Safe sex was created at a time when our government literally treated AIDS like a joke and our Supreme Court held that gay sex was illegal. Scores of people were dying and fear gripped the nation. AIDS activists stepped in to provide our community with the latest information about preventing the disease. An urgent grassroots effort for community education gave us safe sex.

Safe sex was about how to keep you safe from HIV while having sex and it was mostly about using a condom all the time and every time. It became the catchphrase of HIV prevention and it consumed gay culture, giving us a myriad of sexy posters and such clichés as, "safe sex is hot sex." It was a prerequisite for any conversation about gay sex and it was an orthodoxy reinforced by advocates, public health, and social marketing campaigns.

The term safe sex became ubiquitous and nowhere was that more apparent then in online profiles. For over twenty years it was a way for men to indicate that they wanted to use a condom. Often the phrase was a visual representation of the adopting of a community norm, presenting the image of the good little gay boy, whether or not condoms were actually used.

Poz men had a particularly unique relationship to safe sex because we were no longer worried about getting HIV and many of us were having sex with other poz men. Often an unspoken principle of safe sex was avoiding sex with HIV positive people. Sex with poz guys seemed, to many, like the most dangerous thing a person could do. Now the science is overwhelmingly clear. Sex with an HIV-positive person with an undetectable viral load is one of least risky things one can do.

HIV prevention has fundamentally changed. It isn't just about condoms. In my work as director of health innovation at Hornet, I see how men are choosing all sorts of different ways to prevent HIV. But when I see a profile on an app that says someone is into "safe sex," I have no idea what they mean.

Do they mean condoms? Do they mean PrEP, undetectable, strategic positioning, or some combination? The term alone doesn't add much useful information about the sex they are looking to engage in. It seems to have become mere profile filler.
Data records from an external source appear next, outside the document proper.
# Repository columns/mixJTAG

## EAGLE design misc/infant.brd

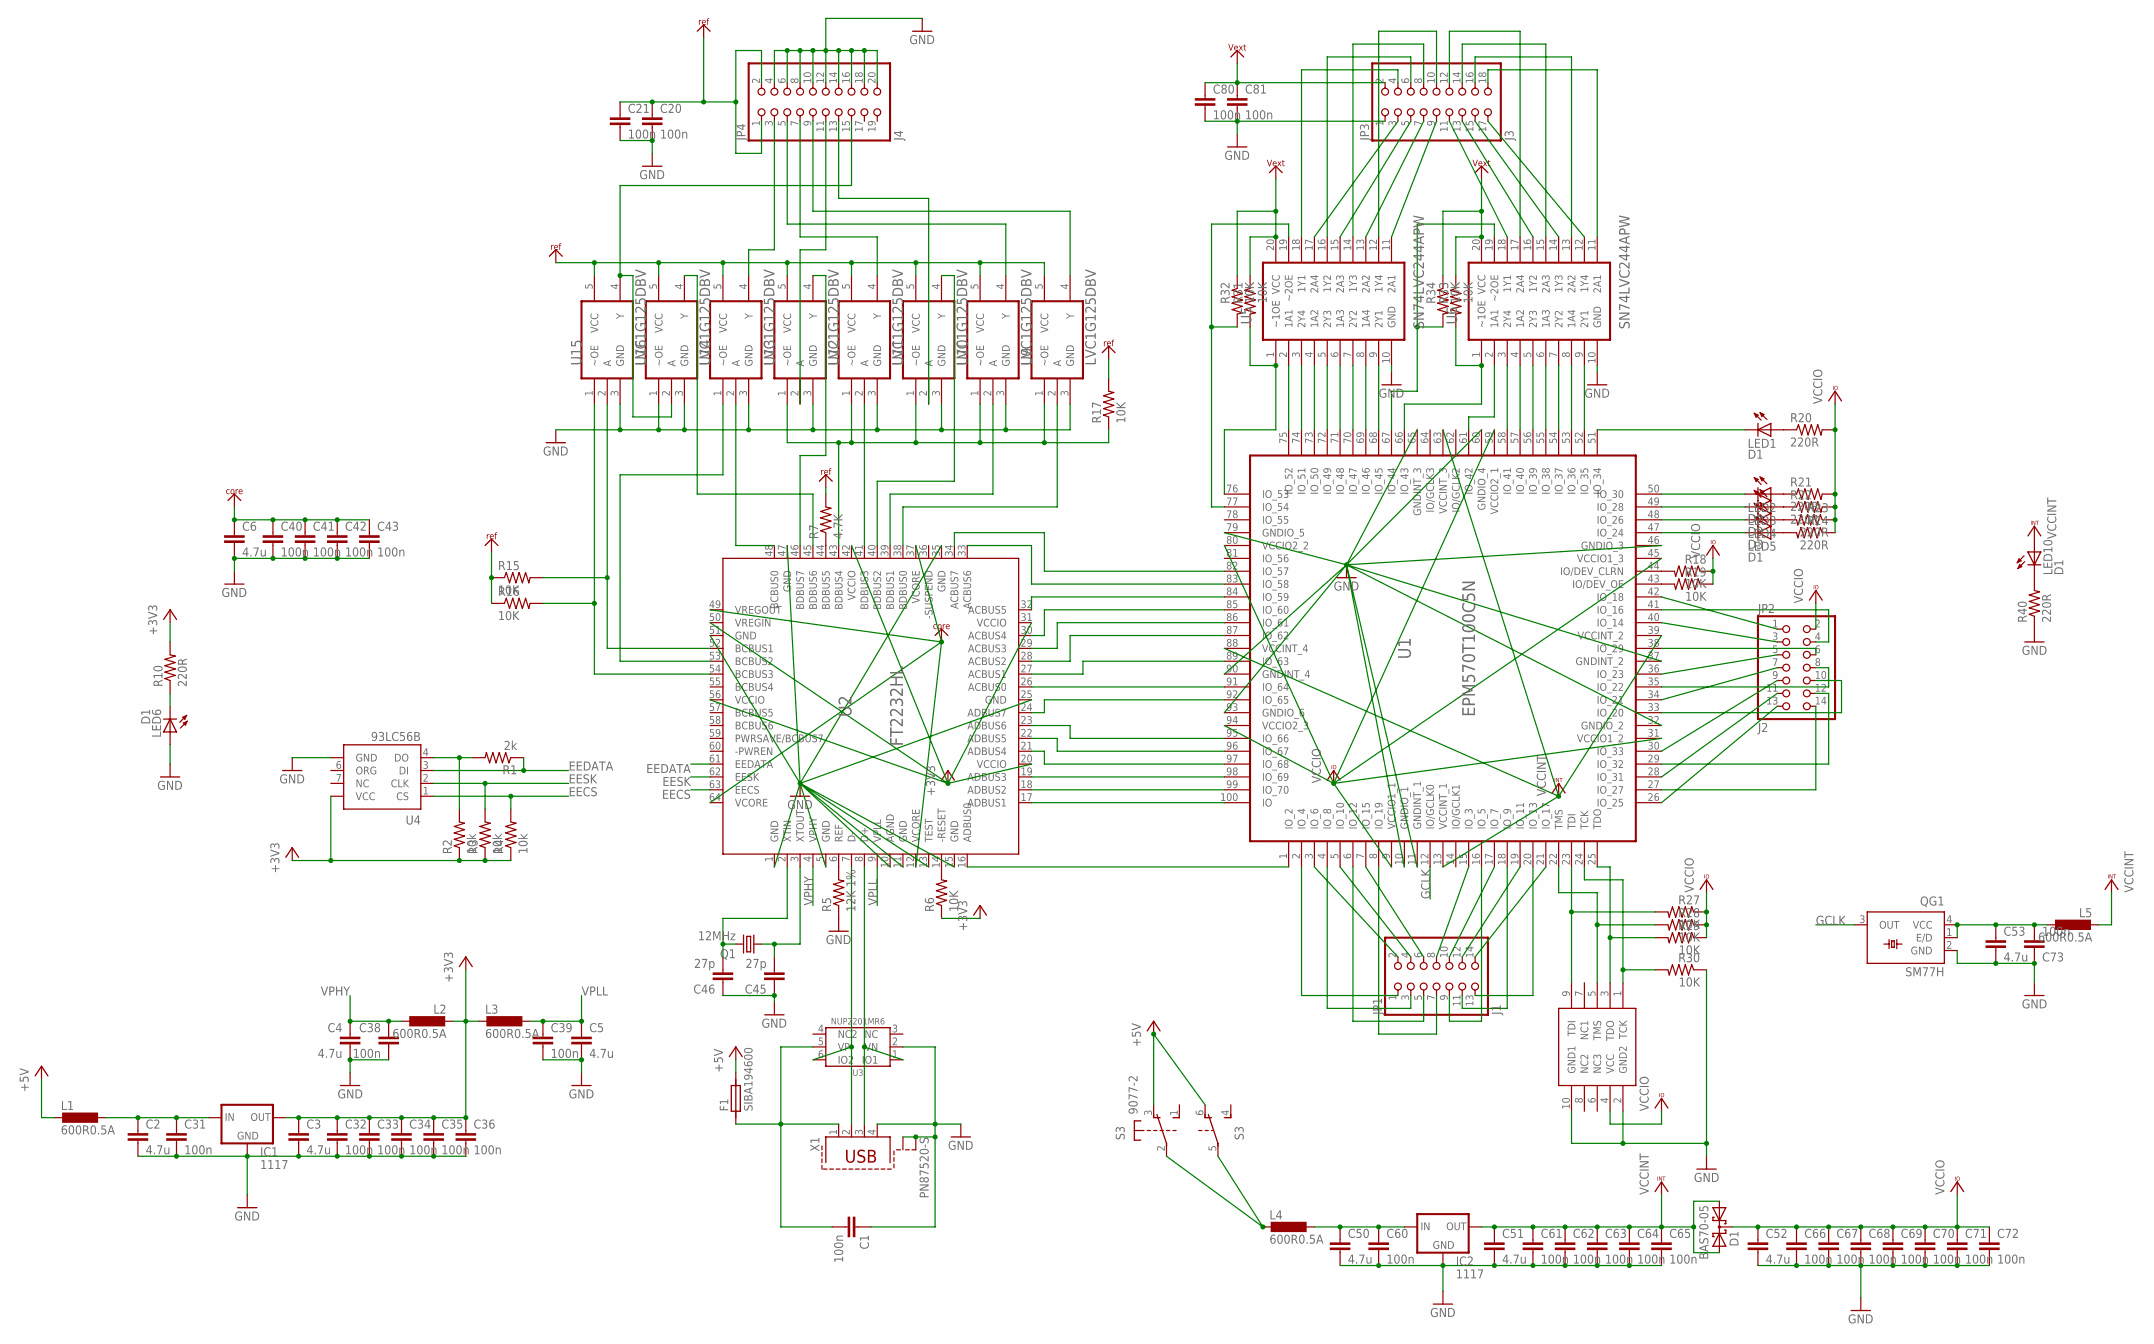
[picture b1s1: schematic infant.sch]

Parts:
C1, C20, C21, C31, C32, C33, C34, C35, C36, C38, C39, C40, C41, C42, C43, C60, C61, C62, C63, C64, C65, C66, C67, C68, C69, C70, C71, C72, C73, C80, C81: 100n; C0805
C2, C3, C4, C5, C6, C50, C51, C52, C53: 4.7u; C0805K
C45, C46: 27p; C025-025X050
D1: BAS70-05; SOT23
F1: SIBA194600; C1812
IC1, IC2: 1117; SOT223
JP1: J1; 2X07
JP2: J2; 2X07
JP3: J3; 2X09
JP4: J4; 2X10
L1, L2, L3, L4, L5: 600R0.5A; R0805
LED1, LED5, LED6, LED10: D1; CHIPLED_0805
LED2: D2; CHIPLED_0805
LED3, LED4: D3; CHIPLED_0805
Q1: 12MHz; HC49/S
QG1: SM77H
R1: 2k; R0805
R2, R3, R4: 10k; R0805
R5: 12K 1%; R0805
R6, R15, R16, R17, R18, R19, R27, R28, R29, R30, R31, R32, R33, R34: 10K; R0805
R7: 4.7K; R0805
R10, R20, R21, R22, R23, R24, R40: 220R; R0805
S3: 9077-2
U1: EPM570T100C5N; TQFP100
U2: FT2232HL; LQFP-64
U3: NUP2201MR6; TSOP6
U4: 93LC56B; SOIC8
U5, U6: SN74LVC244APW; TSSOP20
U9, U10, U11, U12, U13, U14, U15, U16: LVC1G125DBV; SOT23-5
U$2: BOXHEADER10JTAG; ML10
X1: PN87520-S; USB

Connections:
+3V3: C3.1, C32.1, C33.1, C34.1, C35.1, C36.1, IC1.2 (OUT), L2.1, L3.1, R2.1, R3.1, R4.1, R6.1, R10.2, U2.20 (VCCIO), U2.31 (VCCIO), U2.42 (VCCIO), U2.50 (VREGIN), U2.56 (VCCIO), U4.8 (VCC)
+5V: F1.2, L1.1, S3.3 (O), S3.6 (O)
EECS: R4.2, U2.63 (EECS), U4.1 (CS)
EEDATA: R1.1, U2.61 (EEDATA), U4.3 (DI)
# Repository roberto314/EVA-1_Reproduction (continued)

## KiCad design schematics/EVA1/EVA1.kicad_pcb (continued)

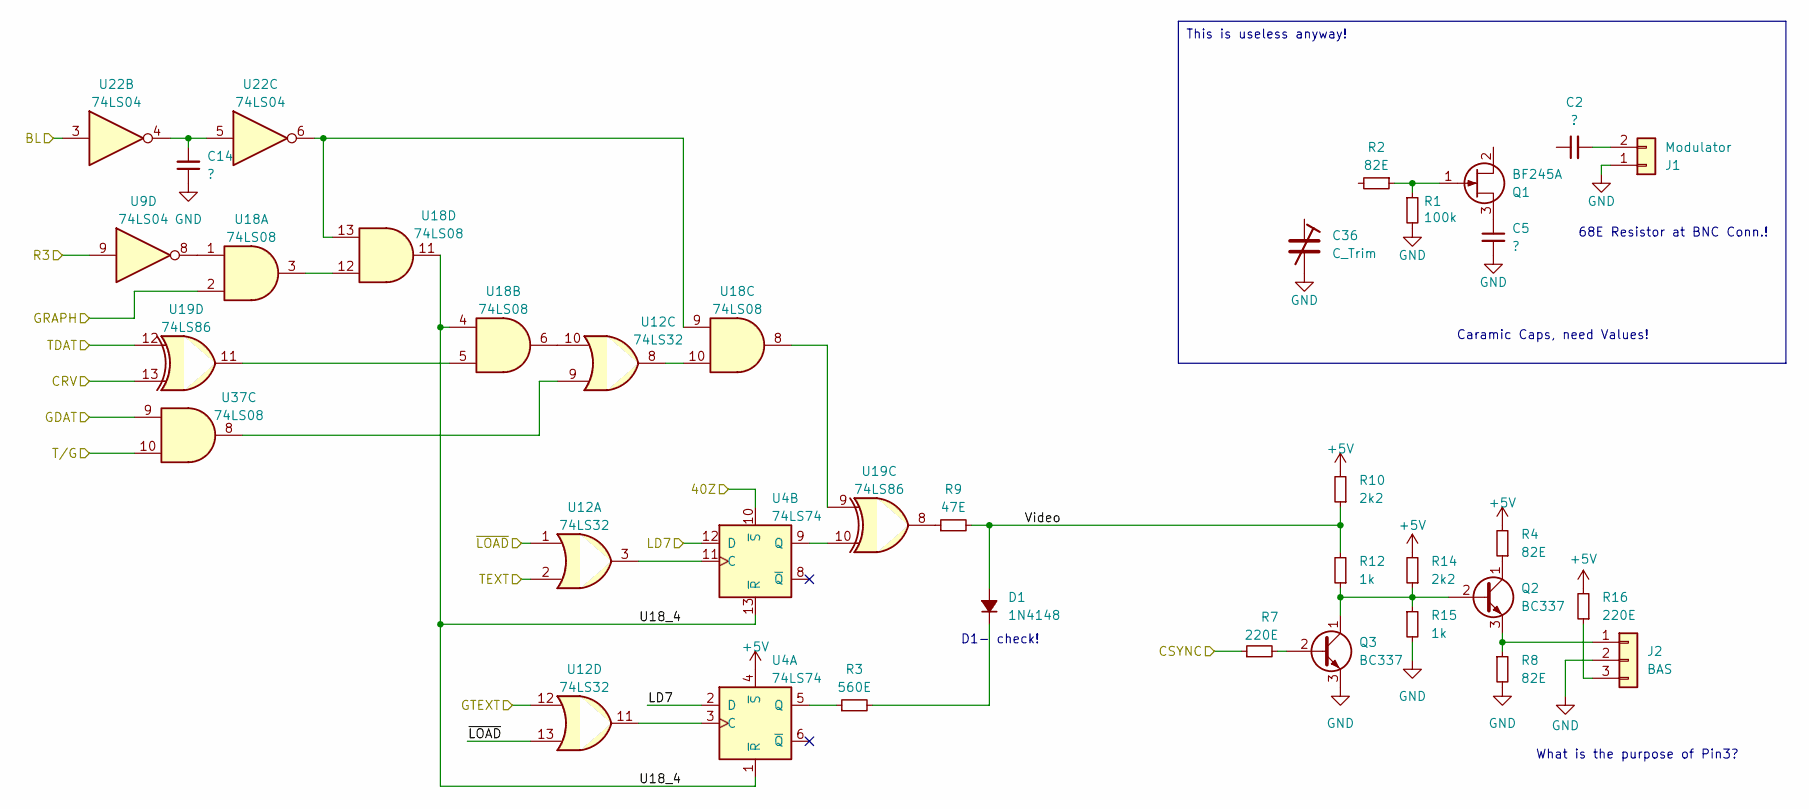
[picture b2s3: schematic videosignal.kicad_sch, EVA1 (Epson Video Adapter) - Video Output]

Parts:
C2, C5, C14: ?; C_Disc_D4.7mm_W2.5mm_P5.00mm
C36: C_Trim; C_Radial_D10.0mm_H20.0mm_P5.00mm
D1: 1N4148; D_A-405_P7.62mm_Horizontal
J1: Modulator; PinHeader_1x02_P2.54mm_Vertical
J2: BAS; PinHeader_1x03_P2.54mm_Vertical
Q1: BF245A; TO-92_Wide
Q2, Q3: BC337; TO-92_Wide
R1: 100k; R_Axial_DIN0411_L9.9mm_D3.6mm_P12.70mm_Horizontal
R2, R4, R8: 82E; R_Axial_DIN0411_L9.9mm_D3.6mm_P12.70mm_Horizontal
R3: 560E; R_Axial_DIN0411_L9.9mm_D3.6mm_P12.70mm_Horizontal
R7, R16: 220E; R_Axial_DIN0411_L9.9mm_D3.6mm_P12.70mm_Horizontal
R9: 47E; R_Axial_DIN0411_L9.9mm_D3.6mm_P12.70mm_Horizontal
R10, R14: 2k2; R_Axial_DIN0411_L9.9mm_D3.6mm_P12.70mm_Horizontal
R12, R15: 1k; R_Axial_DIN0411_L9.9mm_D3.6mm_P12.70mm_Horizontal
U4: 74LS74; DIP-14_W7.62mm
U9, U22: 74LS04; DIP-14_W7.62mm
U12: 74LS32; DIP-14_W7.62mm
U18, U37: 74LS08; DIP-14_W7.62mm
U19: 74LS86; DIP-14_W7.62mm

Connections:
+5V: R4.2, R10.2, R14.2, R16.2, U4.4 (~S); also elsewhere on the board
/BL: U22.3; also elsewhere on the board
/CRV: U19.13; also elsewhere on the board
/GDAT: U37.9; also elsewhere on the board
/GRAPH: U18.2; also elsewhere on the board
/GTEXT: U12.12; also elsewhere on the board
/LD7: U4.2 (D), U4.12 (D); also elsewhere on the board
/R3: U9.9; also elsewhere on the board
/TDAT: U19.12; also elsewhere on the board
/TEXT: U12.2; also elsewhere on the board
/T/G: U37.10; also elsewhere on the board
/Video Signal Genration/U18_4: U4.1 (~R), U4.13 (~R), U18.4, U18.11
/Video Signal Genration/Video: D1.2 (A), R9.2, R10.1, R12.2
/~40Z: U4.10 (~S); also elsewhere on the board
/~LOAD: U12.1, U12.13; also elsewhere on the board
GND: C5.2, C14.1, C36.2, J1.1, J2.2, Q3.3 (E), R1.2, R8.2, R15.2; also elsewhere on the board
unnamed: C14.2, U22.4, U22.5
unnamed: D1.1 (K), R3.2
unnamed: C2.2, J1.2
unnamed: J2.1, Q2.3 (E), R8.1
unnamed: J2.3, R16.1
unnamed: C5.1, Q1.3 (D)
unnamed: Q1.1 (G), R1.1, R2.1
unnamed: Q2.2 (B), Q3.1 (C), R12.1, R14.1, R15.1
unnamed: Q2.1 (C), R4.1
unnamed: Q3.2 (B), R7.2
unnamed 172: R7.1; also elsewhere on the board
unnamed: R9.1, U19.8
unnamed: U4.3 (C), U12.11
unnamed: R3.1, U4.5 (Q)
unnamed: U4.11 (C), U12.3
unnamed: U4.9 (Q), U19.10
unnamed: U12.8, U18.10
unnamed: U12.9, U37.8
unnamed: U12.10, U18.6
unnamed: U9.8, U18.1
unnamed: U18.5, U19.11
unnamed: U18.8, U19.9
unnamed: U18.3, U18.12
unnamed: U18.9, U18.13, U22.6

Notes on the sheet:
This is useless anyway!
D1- check!
Caramic Caps, need Values!
68E Resistor at BNC Conn.!
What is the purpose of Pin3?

But if the terms safe sex has lost all meaning it shouldn't be a cause for alarm. It should be seen as an opportunity to shift the conversation away from safety and responsibility and instead talk about pleasure and desire.

What if risk was simply seen as incidental to our sex, as it has always been? Finding gay sex has meant risking violence, arrest, or exposure. What would it look like if our first question wasn't about safety but about pleasure? What if it was less about disclosing statuses and more about disclosing desires? What if it was simply about a meaningful connection between men?

Our community would look radically different if we invested as much in sexual exploration and empowerment as we did in risk mitigation. We are at a pivotal moment in our history where we might just be able to breathe life back into that long dormant sexual revolution from years past. Maybe gay men have finally reached a point when we can stop asking how safe sex is and start asking how good it is.